After high school, Rice studied film, theater, and photography at the University of Minnesota and the Minneapolis College of Art and Design. While working at Walker Art Center in the mid-Seventies, a chance encounter with screenwriter Joan Tewkesbury encouraged Rice to pursue film school at USC, which Tewkesbury had attended before writing Nashville. It was here that he first met Gordon Parks, albeit briefly, through a friend who had worked on Parks's semi-autobiographical film The Learning Tree.
If, 20 years later, Rice felt astonished to be directing a feature-length film in the close company of his idol, he kept that urge to himself. "I had to resist the tendency to genuflect to him," says Rice. "We had a film to make. I know there were [interview] questions that he didn't like. Gordon doesn't like to dwell on the negative. And I respect that. But as a filmmaker, you want to get as many colors on the palette as you can."
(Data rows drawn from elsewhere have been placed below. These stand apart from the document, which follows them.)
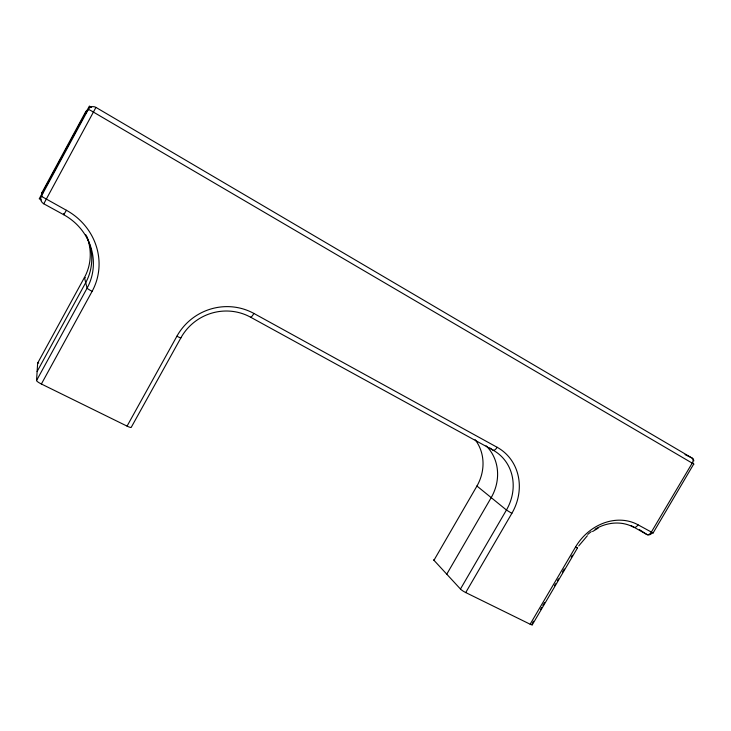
<?xml version="1.0" encoding="UTF-8"?>
<svg xmlns="http://www.w3.org/2000/svg" width="731" height="731" viewBox="0 0 731 731"><rect width="100%" height="100%" fill="white"/><g stroke="black" fill="none" stroke-linecap="round" stroke-linejoin="round"><path stroke-width="1.1" d="M532.25 624.841L577.517 547.885L577.161 547.473M475.132 439.687A43.641 39.739 -50.4 0 1 476.813 486.27L433.949 560.275L460.457 589.031A4.651 0.74 31.2 0 0 465.72 592.558L511.855 513.363A51.59 46.409 -50.4 0 0 497.126 447.281L253.885 313.444A5.099 1.106 -61.3 0 1 250.541 317.172A50.978 49.662 -31.4 0 0 180.922 337.786L131.333 427.169A5.208 0.923 27.9 0 1 127.057 426.118L41.384 384.003A5.446 0.959 27 0 1 36.55 380.549L37.647 363.143L84.44 277.469L85.353 277.698M693.792 460.969A4.459 3.783 -58.7 0 0 692.102 458.063L95.944 107.402L43.778 203.794L63.743 214.74A56.47 53.774 21.8 0 1 87.099 288.142A5.473 0.484 28.3 0 0 92.106 291.349L41.384 384.003M95.944 107.402A5.802 5.473 47.8 0 0 88.341 109.321L85.5 112.071L42.087 192.335L41.402 196.31L66.393 210.272L63.752 214.75L63.551 213.69M37.117 371.512L85.719 282.623A54.277 51.682 22.6 0 0 85.6 234.496M36.55 380.549L87.099 288.142L84.44 277.515A52.248 49.754 23.4 0 0 86.943 236.908M127.057 426.118L176.911 336.205A56.324 54.852 -31.5 0 1 253.885 313.444M446.76 574.173L491.131 497.747A45.13 40.863 -50.4 0 0 486.097 445.791M460.457 589.031L506.446 510.019A46.72 42.051 -50.4 0 0 493.032 450.141L489.797 447.911M465.72 592.558L530.139 624.219L575.525 547.035A48.959 41.758 -52 0 1 638.017 524.794L653.075 533M532.415 623.159L533.575 621.186M540.52 609.371L541.68 607.406M542.831 605.432L544.568 602.481M554.418 585.741L555.569 583.777M557.305 580.825L558.466 578.851M562.523 571.962L564.259 569.01M571.203 557.196L572.364 555.222M43.769 203.785A5.738 5.446 32.5 0 1 41.329 196.228L88.341 109.321L90.745 110.518L693.737 464.021L653.085 533L652.399 532.506M578.696 545.975L587.358 535.722M592.558 531.547L598.177 528.138M577.472 547.894L575.525 547.035M693.856 464.148L693.408 463.966M476.886 485.987L506.446 510.019L511.855 513.363M43.156 192.783L42.179 192.344A5.3 5.035 33.1 0 0 41.95 196.721M685.048 454.618L692.102 458.063A4.468 2.65 -57.1 0 1 692.22 463.089L651.33 532.122A4.423 2.641 -60.6 0 1 646.853 534.489L631.127 525.607M41.238 199.91L39.227 198.814L89.383 106.086L91.348 107.247M250.541 317.172L493.032 450.141A4.688 2.102 -61 0 0 497.126 447.281M86.633 112.885L85.5 112.09A5.355 5.062 47.2 0 1 88.57 109.696M639.387 529.619L646.853 534.489A4.432 3.765 -54.6 0 0 651.933 533.164M693.454 463.089A4.459 3.783 -58.7 0 1 693.28 463.463M587.77 534.425A44.335 37.848 -52 0 1 591.26 531.665M595.016 529.217A44.335 37.848 -52 0 1 633.567 527.206A4.45 2.595 -60.6 0 0 638.017 524.794M531.83 624.137A4.596 0.694 31.7 0 1 530.139 624.219M433.949 560.275A4.322 0.649 30.8 0 1 434.598 559.882M180.922 337.786A5.236 0.466 28.7 0 1 176.911 336.205M37.647 363.143A5.053 0.822 27.2 0 1 38.688 363.079M66.393 210.272A62.409 59.421 21.8 0 1 92.106 291.349"/></g></svg>
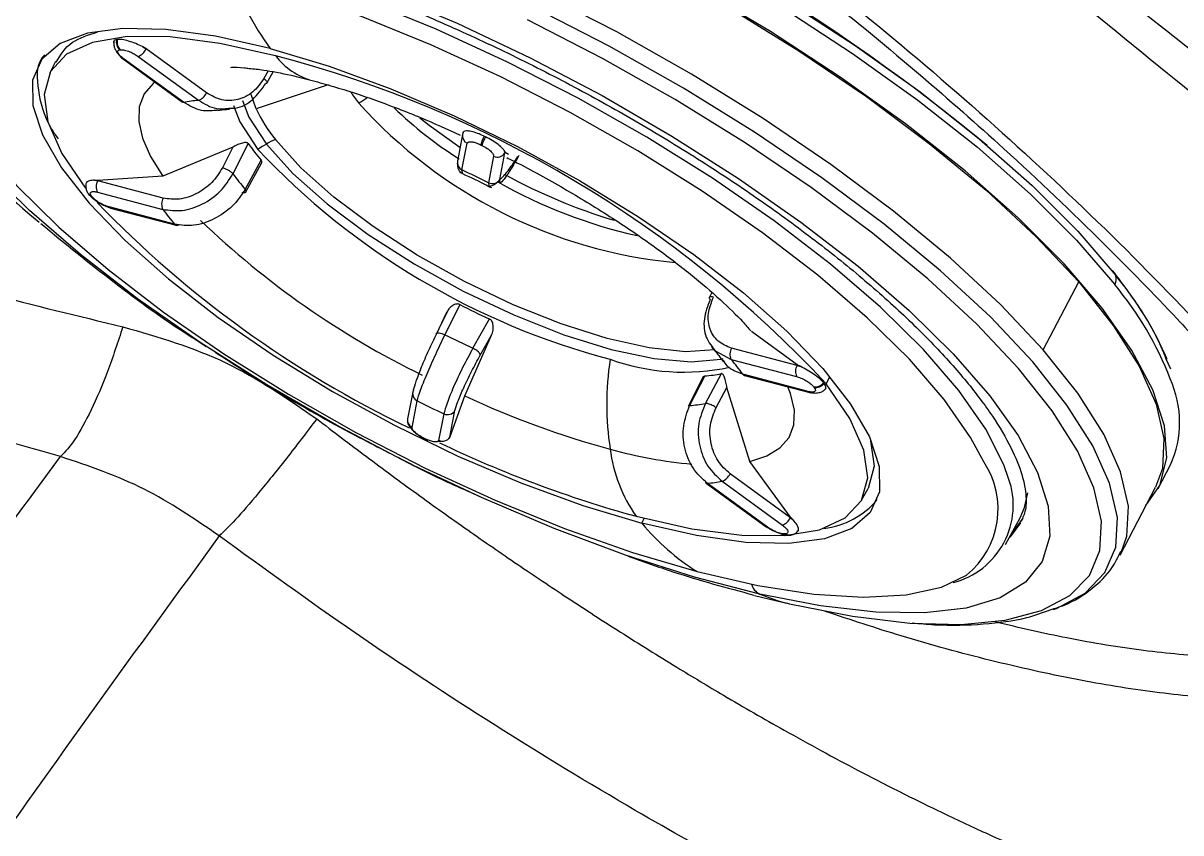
# Model space of a CAD drawing. Extents: x 832 to 912, y 781 to 934.
# Drawn here: x 891.747 to 893.364, y 878.607 to 879.738 of the extents above; entities that cross this region are included whole.
import ezdxf

# ---------------------------------------------------------------- set-up
doc = ezdxf.new("R2010")
doc.units = 0
doc.header["$MEASUREMENT"] = 0
doc.layers.add('1', color=4, linetype='Continuous')

# ---------------------------------------------------------------- blocks, each defined once
blk = doc.blocks.new('2026 SOVEREIGN HL')
at = {"layer": '1', "color": 3, "linetype": 'Continuous', "lineweight": 25}
for p, q in [((60.1488, 82.6198), (60.1499, 82.62)), ((60.1901, 82.6073), (60.185, 82.6099)), ((60.185, 82.6099), (60.1898, 82.6067)), ((60.1532, 82.6054), (60.1542, 82.6056)), ((60.1562, 82.5938), (60.2405, 82.5326)), ((60.2422, 82.5322), (60.158, 82.5935)), ((60.1788, 82.5962), (60.263, 82.535)), ((60.1898, 82.6067), (60.1901, 82.6073)), ((60.274, 82.5454), (60.1898, 82.6067)), ((60.0631, 82.5891), (60.0547, 82.5725)), ((60.3601, 82.576), (60.3543, 82.5653)), ((60.3585, 82.5588), (60.3671, 82.5747)), ((60.4442, 82.5564), (60.3436, 82.5231)), ((60.3436, 82.5231), (60.3368, 82.5429)), ((60.6318, 82.4872), (60.6246, 82.45)), ((60.6327, 82.4898), (60.6336, 82.4915)), ((60.6621, 82.4848), (60.6639, 82.4839)), ((60.3111, 82.4695), (60.2131, 82.4292)), ((60.3111, 82.4695), (60.2966, 82.4409)), ((60.3325, 82.4745), (60.3112, 82.4325)), ((60.631, 82.4379), (60.6382, 82.475)), ((60.6571, 82.4729), (60.6589, 82.472)), ((60.6913, 82.4621), (60.6908, 82.4637)), ((60.6908, 82.4637), (60.691, 82.4615)), ((60.3283, 82.4106), (60.3507, 82.4514)), ((60.3291, 82.407), (60.3511, 82.4473)), ((60.6753, 82.457), (60.6681, 82.4199)), ((60.6838, 82.4244), (60.691, 82.4615)), ((60.691, 82.4615), (60.6913, 82.4621)), ((60.6959, 82.4591), (60.6913, 82.4621)), ((60.6317, 82.4337), (60.631, 82.4379)), ((60.1226, 82.423), (60.1176, 82.4234)), ((60.1176, 82.4234), (60.1223, 82.4224)), ((60.1223, 82.4224), (60.1226, 82.423)), ((60.2137, 82.3983), (60.1223, 82.4224)), ((60.2131, 82.4292), (60.1226, 82.423)), ((60.6681, 82.4199), (60.6687, 82.4158)), ((60.1096, 82.4037), (60.1104, 82.4027)), ((60.1145, 82.4001), (60.1137, 82.4011)), ((60.1218, 82.4068), (60.2133, 82.3827)), ((60.2295, 82.3619), (60.1381, 82.386)), ((60.1403, 82.3845), (60.2317, 82.3604)), ((61.443, 82.1867), (61.4927, 82.2813)), ((60.9802, 82.2665), (60.9765, 82.2593)), ((60.6092, 82.2375), (60.5953, 82.209)), ((60.6111, 82.241), (60.5956, 82.2094)), ((60.6279, 82.2497), (60.6073, 82.2077)), ((60.6464, 82.1887), (60.6693, 82.2296)), ((60.635, 82.1223), (60.6722, 82.2069)), ((60.6566, 82.1791), (60.6722, 82.2069)), ((61.0994, 82.1654), (61.0356, 82.2122)), ((61.0991, 82.1647), (61.0076, 82.1888)), ((60.9855, 82.1847), (61.0072, 82.1732)), ((61.0072, 82.1732), (61.0986, 82.1491)), ((61.6213, 82.1595), (61.6149, 82.1737)), ((61.0994, 82.1654), (61.0991, 82.1647)), ((61.0991, 82.1647), (61.1042, 82.1631)), ((61.1042, 82.1631), (61.0994, 82.1654)), ((60.9686, 82.1496), (60.9472, 82.1076)), ((60.9702, 82.1502), (60.9491, 82.1088)), ((60.9711, 82.1117), (60.9935, 82.1533)), ((61.1149, 82.1283), (61.0235, 82.1525)), ((61.0257, 82.1509), (61.1171, 82.1268)), ((61.1359, 82.1407), (61.1367, 82.1397)), ((61.1399, 82.1391), (61.1451, 82.1486)), ((60.5622, 82.1274), (60.555, 82.0903)), ((60.986, 82.1059), (61.0012, 82.1341)), ((61.0332, 82.0306), (61.0012, 82.1341)), ((61.1223, 82.135), (61.1231, 82.134)), ((60.5614, 82.0781), (60.5686, 82.1153)), ((60.6145, 82.0653), (60.635, 82.1223)), ((60.6057, 82.0973), (60.5985, 82.0601)), ((60.6142, 82.0646), (60.6213, 82.1018)), ((60.5796, 82.0622), (60.5778, 82.0631)), ((60.5778, 82.0624), (60.5797, 82.0615)), ((60.58, 82.0616), (60.5835, 82.0606)), ((60.5967, 82.0585), (60.6021, 82.0591)), ((60.6133, 82.0629), (60.6145, 82.0653)), ((60.6142, 82.0646), (60.6133, 82.0629)), ((60.6145, 82.0653), (60.6142, 82.0646)), ((61.0901, 81.9527), (61.0332, 82.0306)), ((61.6035, 81.9927), (61.6208, 82.0257)), ((61.0898, 81.9521), (61.0055, 82.0134)), ((60.972, 82.0005), (61.0562, 81.9393)), ((61.058, 81.9389), (60.9737, 82.0002)), ((60.9945, 82.0029), (61.0788, 81.9417)), ((61.5503, 81.9), (61.5999, 81.9946)), ((61.1894, 81.9767), (61.1983, 81.9929)), ((60.8821, 81.9444), (60.8857, 81.9511)), ((61.0901, 81.9527), (61.0898, 81.9521)), ((61.0898, 81.9521), (61.094, 81.9488)), ((61.094, 81.9488), (61.0901, 81.9527)), ((61.3905, 81.9149), (61.4108, 81.9517)), ((61.4017, 81.9326), (61.415, 81.9514)), ((61.0835, 81.9297), (61.0825, 81.9296)), ((61.0893, 81.9278), (61.0903, 81.9279)), ((61.5503, 81.9), (61.5521, 81.9036)), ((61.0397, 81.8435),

Color, at least as it relates to race, remains an understated component of the film, in deference to Parks's "apolitical" commitment to his muse. Yet Rice's investigative zeal regarding Parks's lifelong love affair with his art--a romance that came at the expense of his three wives--does give Half Past Autumn a number of discomfiting and poignant moments. "In the dramatic arc of any story," says Rice, "the hero gets to a point where he has a choice to make. Gordon made a choice, you know? And we may agree or not agree, but he made a choice."
Rice says the scene in which Parks ruefully recalls his first wife's response to an invitation to join him in Venice for the performance of his first piano concerto--"I'm frying potatoes for your children; have a ball"--has evoked strong reactions in public screenings. "You can feel the tension in the room," he says. "It's as if the audience wants to tell him, 'Don't you understand what she's saying here?' In the end, he has to live with it."